The problem ->
If a line in the data holds "Standard", copy that line out in full.

----

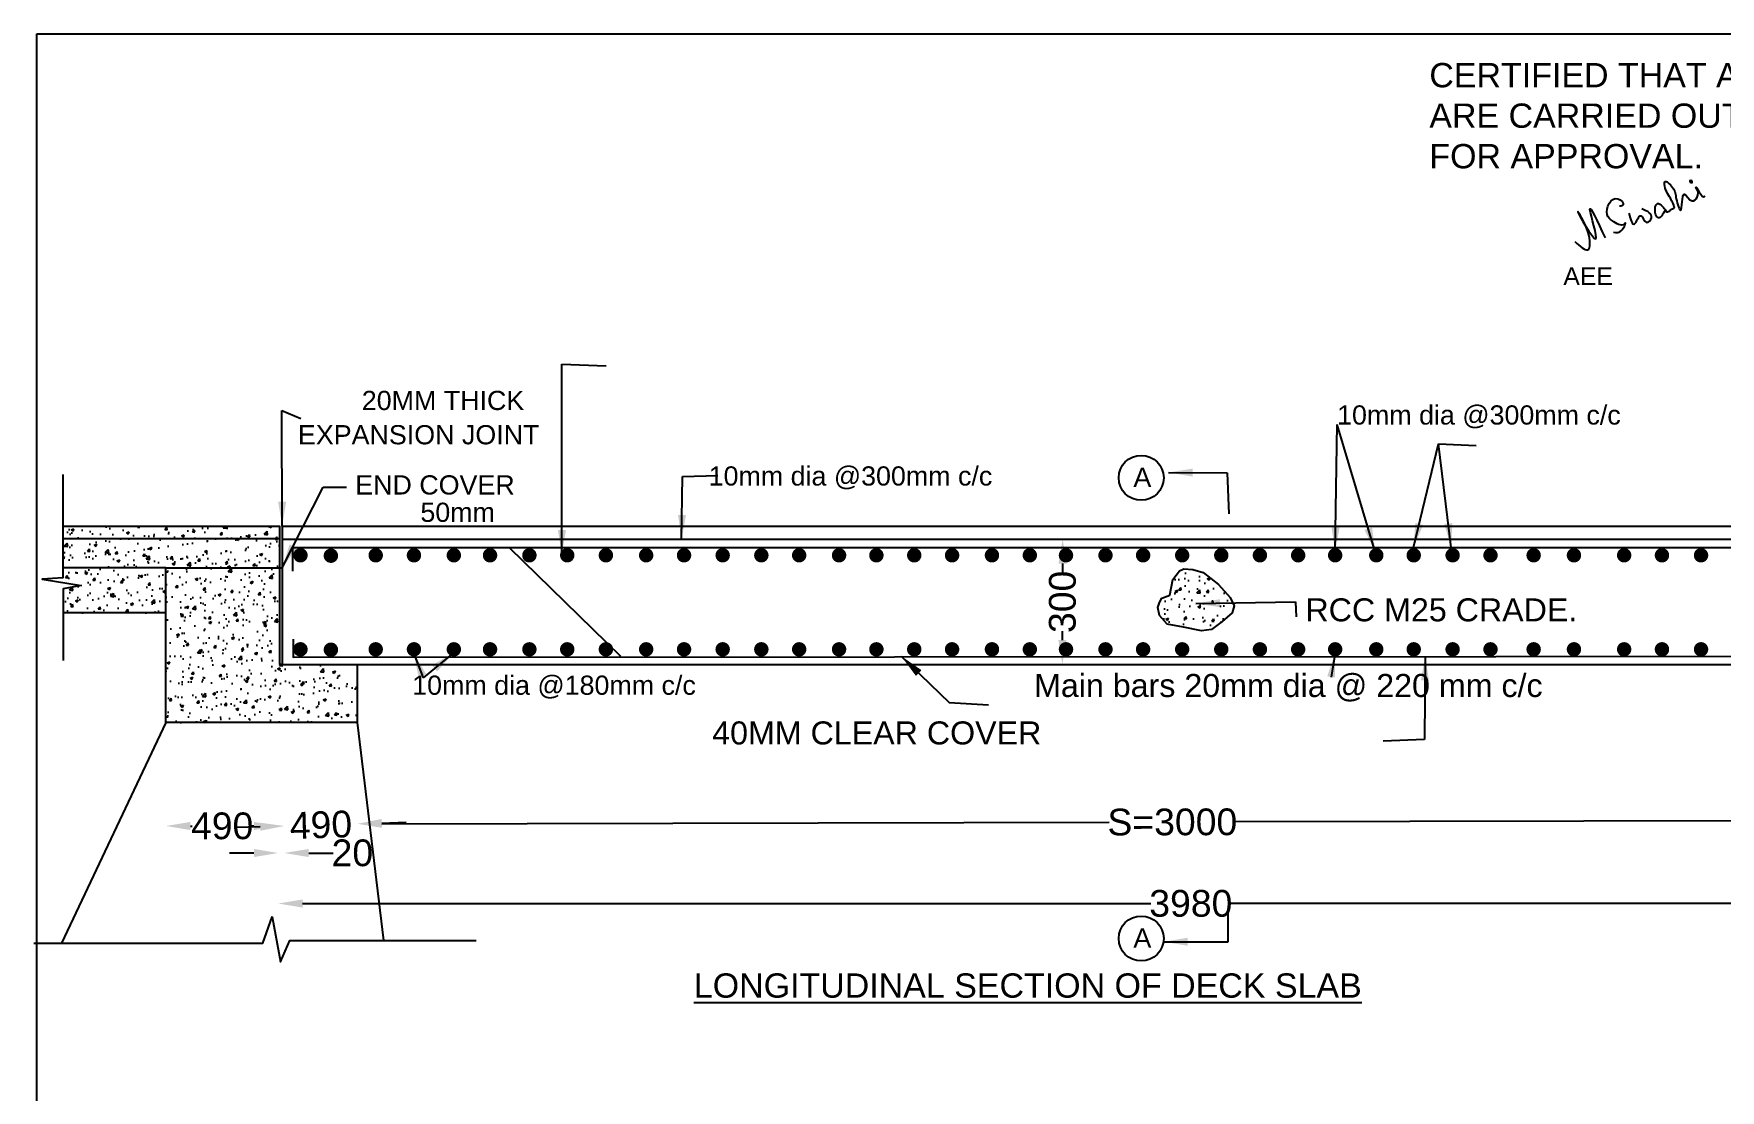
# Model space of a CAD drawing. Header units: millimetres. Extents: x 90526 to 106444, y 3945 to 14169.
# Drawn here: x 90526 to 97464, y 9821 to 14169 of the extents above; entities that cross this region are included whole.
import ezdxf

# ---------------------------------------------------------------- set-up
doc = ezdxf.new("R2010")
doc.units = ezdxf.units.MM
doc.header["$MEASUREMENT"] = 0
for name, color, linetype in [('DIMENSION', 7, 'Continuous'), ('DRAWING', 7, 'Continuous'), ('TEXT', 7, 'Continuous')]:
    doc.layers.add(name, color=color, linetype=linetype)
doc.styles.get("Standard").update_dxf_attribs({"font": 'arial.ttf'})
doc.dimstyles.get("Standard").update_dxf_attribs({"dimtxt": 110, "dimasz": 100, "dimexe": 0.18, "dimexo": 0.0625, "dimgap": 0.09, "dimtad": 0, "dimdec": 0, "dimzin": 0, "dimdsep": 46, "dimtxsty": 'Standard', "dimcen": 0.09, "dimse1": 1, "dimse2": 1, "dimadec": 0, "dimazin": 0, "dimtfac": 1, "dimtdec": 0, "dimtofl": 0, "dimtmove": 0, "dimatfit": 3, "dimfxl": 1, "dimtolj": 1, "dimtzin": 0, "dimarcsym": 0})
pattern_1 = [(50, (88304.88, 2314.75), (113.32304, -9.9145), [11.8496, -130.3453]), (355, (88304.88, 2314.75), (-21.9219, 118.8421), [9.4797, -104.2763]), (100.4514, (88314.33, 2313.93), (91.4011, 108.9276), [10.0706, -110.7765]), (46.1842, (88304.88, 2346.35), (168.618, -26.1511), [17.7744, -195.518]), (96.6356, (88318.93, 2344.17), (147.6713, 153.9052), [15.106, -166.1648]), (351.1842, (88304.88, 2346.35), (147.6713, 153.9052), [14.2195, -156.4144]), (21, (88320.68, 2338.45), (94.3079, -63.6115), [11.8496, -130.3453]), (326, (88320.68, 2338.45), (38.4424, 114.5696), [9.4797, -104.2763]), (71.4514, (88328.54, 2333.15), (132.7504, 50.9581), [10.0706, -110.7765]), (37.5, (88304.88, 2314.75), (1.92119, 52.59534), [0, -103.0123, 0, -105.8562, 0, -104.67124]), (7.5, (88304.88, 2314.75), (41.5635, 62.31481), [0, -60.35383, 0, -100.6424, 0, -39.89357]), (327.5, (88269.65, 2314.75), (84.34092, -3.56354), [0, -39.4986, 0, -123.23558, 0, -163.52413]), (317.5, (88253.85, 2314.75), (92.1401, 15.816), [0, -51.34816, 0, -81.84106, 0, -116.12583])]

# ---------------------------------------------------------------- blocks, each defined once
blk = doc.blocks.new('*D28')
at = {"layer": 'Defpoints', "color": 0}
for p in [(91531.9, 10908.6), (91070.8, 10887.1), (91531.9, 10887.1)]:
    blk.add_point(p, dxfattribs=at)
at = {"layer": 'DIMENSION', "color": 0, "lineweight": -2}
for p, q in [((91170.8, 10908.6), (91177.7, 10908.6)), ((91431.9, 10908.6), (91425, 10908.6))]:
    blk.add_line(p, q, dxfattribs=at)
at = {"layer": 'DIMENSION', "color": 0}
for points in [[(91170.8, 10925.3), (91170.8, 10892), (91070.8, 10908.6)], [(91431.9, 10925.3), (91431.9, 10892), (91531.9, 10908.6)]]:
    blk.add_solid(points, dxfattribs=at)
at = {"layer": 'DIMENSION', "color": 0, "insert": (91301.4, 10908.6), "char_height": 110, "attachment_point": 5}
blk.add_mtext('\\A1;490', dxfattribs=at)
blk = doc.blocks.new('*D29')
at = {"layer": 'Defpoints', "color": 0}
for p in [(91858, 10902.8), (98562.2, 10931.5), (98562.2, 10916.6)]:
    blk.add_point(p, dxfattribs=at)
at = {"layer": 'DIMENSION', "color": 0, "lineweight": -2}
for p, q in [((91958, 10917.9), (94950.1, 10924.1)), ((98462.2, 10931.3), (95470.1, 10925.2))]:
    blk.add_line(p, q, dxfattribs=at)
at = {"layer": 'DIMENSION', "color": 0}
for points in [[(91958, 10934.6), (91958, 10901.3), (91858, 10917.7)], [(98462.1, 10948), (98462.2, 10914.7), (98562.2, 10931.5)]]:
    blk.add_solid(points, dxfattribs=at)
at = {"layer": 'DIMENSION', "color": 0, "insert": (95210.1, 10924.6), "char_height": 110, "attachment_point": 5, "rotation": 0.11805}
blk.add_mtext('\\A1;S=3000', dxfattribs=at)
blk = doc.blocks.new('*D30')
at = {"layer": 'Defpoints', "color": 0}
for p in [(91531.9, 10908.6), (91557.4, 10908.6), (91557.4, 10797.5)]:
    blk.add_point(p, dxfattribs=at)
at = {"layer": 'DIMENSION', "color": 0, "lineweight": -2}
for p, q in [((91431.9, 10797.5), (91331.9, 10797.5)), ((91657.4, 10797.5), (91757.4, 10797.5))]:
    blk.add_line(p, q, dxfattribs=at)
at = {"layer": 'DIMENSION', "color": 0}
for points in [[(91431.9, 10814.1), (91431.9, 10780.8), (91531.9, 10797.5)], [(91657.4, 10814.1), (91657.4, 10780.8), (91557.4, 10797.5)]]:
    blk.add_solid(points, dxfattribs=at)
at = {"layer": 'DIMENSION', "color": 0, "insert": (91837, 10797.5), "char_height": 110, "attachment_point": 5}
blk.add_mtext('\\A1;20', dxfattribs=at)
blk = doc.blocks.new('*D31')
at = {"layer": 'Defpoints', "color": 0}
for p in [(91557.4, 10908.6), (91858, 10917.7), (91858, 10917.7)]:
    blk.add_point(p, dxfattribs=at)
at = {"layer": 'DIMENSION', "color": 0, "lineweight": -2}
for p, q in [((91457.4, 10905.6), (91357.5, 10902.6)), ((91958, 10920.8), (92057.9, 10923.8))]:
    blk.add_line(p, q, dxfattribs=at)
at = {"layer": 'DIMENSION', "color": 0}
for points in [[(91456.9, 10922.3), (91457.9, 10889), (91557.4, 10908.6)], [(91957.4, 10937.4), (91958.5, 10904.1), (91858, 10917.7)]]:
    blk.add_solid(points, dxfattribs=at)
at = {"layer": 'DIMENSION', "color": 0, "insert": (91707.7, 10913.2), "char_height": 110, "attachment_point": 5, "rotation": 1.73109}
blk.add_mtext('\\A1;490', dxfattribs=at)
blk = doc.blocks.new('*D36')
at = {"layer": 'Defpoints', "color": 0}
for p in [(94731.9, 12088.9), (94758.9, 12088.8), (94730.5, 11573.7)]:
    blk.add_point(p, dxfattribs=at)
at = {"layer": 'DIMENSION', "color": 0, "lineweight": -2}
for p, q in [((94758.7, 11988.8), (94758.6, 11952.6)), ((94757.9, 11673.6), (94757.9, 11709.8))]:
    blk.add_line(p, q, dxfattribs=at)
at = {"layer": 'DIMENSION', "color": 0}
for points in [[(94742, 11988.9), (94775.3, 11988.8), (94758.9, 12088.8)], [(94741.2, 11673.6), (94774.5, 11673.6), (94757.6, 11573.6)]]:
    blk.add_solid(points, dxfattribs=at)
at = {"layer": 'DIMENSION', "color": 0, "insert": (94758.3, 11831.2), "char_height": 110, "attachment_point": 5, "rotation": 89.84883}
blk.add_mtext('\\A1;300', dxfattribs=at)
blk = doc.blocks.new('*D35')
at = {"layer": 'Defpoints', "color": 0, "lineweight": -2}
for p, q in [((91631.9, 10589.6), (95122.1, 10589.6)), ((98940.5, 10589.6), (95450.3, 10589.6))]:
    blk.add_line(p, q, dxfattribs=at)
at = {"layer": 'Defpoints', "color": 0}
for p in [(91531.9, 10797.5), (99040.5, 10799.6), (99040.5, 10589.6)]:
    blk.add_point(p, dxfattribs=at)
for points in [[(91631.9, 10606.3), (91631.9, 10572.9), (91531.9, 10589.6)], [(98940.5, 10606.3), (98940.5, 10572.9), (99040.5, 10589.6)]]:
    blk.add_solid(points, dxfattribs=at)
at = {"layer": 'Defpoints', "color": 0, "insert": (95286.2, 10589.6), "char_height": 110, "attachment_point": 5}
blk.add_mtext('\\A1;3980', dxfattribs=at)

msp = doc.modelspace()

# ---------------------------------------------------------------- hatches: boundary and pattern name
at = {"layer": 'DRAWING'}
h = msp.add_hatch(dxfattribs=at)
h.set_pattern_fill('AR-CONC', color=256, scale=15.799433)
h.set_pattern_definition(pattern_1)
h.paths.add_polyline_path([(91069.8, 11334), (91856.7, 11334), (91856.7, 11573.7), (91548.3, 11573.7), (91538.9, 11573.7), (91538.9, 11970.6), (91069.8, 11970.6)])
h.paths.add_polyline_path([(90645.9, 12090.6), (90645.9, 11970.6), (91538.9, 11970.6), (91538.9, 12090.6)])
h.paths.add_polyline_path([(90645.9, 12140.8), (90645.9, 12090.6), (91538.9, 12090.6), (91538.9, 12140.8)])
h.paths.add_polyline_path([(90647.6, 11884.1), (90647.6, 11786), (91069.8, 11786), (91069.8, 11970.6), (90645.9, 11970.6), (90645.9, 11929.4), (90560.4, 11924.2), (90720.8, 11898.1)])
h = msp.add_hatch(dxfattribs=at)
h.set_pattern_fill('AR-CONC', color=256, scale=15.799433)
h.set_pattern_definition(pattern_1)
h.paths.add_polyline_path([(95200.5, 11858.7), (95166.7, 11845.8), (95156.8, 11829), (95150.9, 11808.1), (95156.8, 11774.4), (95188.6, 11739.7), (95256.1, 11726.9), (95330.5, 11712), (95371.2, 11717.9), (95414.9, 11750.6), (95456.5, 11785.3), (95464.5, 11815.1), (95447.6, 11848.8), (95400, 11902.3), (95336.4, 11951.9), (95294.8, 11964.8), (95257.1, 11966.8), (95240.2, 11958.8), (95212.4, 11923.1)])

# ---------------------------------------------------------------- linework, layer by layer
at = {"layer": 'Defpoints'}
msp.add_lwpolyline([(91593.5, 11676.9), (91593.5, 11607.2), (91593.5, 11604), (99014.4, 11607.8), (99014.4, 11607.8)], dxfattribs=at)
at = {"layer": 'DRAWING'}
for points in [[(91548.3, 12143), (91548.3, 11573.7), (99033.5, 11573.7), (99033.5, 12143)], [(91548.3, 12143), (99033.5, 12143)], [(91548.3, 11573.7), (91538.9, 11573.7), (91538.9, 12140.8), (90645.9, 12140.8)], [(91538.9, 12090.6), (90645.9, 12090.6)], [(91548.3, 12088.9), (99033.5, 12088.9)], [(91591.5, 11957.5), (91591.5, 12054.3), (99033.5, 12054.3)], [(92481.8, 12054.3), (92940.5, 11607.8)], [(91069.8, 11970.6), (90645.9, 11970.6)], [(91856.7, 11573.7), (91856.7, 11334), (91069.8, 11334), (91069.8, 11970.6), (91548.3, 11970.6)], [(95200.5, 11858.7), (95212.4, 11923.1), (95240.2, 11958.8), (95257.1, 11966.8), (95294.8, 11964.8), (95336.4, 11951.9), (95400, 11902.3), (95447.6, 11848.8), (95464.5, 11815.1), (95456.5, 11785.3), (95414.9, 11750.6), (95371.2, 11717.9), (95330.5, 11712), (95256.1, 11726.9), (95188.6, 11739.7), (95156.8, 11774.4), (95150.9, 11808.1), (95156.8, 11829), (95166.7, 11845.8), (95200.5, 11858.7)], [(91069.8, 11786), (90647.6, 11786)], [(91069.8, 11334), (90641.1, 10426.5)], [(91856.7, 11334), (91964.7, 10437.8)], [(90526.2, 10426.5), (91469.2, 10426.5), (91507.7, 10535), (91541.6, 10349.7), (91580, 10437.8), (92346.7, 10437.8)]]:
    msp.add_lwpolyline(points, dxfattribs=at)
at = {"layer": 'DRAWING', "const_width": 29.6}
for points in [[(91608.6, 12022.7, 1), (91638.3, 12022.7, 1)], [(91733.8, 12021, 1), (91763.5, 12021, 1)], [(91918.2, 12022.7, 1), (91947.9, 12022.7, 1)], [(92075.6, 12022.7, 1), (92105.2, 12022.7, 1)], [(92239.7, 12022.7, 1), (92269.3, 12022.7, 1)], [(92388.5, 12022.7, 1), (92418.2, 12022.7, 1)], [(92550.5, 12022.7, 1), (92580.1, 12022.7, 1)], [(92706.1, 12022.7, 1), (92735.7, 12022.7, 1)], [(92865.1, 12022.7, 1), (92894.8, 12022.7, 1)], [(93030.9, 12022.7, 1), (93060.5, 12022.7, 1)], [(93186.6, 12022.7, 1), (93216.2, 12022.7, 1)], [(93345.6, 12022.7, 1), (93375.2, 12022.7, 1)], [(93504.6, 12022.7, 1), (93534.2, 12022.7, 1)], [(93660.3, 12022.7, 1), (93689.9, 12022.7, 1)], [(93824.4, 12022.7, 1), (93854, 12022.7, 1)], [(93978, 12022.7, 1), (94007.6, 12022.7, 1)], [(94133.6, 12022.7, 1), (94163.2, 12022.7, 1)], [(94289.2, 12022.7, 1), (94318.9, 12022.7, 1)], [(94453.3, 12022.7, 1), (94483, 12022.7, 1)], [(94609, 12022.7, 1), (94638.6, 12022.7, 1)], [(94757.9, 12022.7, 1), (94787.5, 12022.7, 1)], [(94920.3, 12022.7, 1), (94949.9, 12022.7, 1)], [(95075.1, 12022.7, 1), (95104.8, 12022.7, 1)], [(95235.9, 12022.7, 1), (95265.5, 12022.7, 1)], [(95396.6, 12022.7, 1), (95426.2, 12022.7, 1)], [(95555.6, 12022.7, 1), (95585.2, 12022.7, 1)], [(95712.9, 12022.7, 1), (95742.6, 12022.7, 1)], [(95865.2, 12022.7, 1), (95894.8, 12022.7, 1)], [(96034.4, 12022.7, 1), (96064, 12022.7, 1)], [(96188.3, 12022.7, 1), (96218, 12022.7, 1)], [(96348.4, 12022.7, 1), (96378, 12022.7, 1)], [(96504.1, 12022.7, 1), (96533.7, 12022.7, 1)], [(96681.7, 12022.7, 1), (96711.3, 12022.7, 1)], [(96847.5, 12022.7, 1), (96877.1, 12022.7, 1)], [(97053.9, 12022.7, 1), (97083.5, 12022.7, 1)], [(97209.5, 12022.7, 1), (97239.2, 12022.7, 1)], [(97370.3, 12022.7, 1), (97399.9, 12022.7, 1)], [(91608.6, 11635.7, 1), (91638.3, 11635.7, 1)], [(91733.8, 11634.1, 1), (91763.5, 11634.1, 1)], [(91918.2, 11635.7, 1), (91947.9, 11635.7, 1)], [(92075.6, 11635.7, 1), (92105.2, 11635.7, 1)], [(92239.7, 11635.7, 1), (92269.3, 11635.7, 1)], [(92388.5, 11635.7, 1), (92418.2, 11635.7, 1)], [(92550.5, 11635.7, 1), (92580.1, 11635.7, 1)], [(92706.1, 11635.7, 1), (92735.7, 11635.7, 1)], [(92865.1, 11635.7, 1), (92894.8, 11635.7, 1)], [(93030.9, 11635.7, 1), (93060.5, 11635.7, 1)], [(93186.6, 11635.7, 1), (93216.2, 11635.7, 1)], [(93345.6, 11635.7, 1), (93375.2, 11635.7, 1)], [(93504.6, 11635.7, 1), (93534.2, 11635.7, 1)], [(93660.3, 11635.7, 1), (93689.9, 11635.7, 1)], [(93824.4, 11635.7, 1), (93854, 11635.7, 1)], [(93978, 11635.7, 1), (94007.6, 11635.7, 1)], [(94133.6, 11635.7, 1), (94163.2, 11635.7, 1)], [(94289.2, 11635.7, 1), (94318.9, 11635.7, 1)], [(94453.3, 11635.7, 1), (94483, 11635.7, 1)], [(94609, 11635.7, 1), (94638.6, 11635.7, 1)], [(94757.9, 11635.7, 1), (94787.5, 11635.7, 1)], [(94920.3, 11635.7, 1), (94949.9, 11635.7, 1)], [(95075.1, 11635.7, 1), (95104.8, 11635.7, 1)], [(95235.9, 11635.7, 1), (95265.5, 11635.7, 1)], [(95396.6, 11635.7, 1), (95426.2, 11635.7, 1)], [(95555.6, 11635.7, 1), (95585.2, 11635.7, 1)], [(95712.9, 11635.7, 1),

----

Response area ->
doc.styles.get("Standard").update_dxf_attribs({"font": 'arial.ttf'})
doc.dimstyles.get("Standard").update_dxf_attribs({"dimtxt": 110, "dimasz": 100, "dimexe": 0.18, "dimexo": 0.0625, "dimgap": 0.09, "dimtad": 0, "dimdec": 0, "dimzin": 0, "dimdsep": 46, "dimtxsty": 'Standard', "dimcen": 0.09, "dimse1": 1, "dimse2": 1, "dimadec": 0, "dimazin": 0, "dimtfac": 1, "dimtdec": 0, "dimtofl": 0, "dimtmove": 0, "dimatfit": 3, "dimfxl": 1, "dimtolj": 1, "dimtzin": 0, "dimarcsym": 0})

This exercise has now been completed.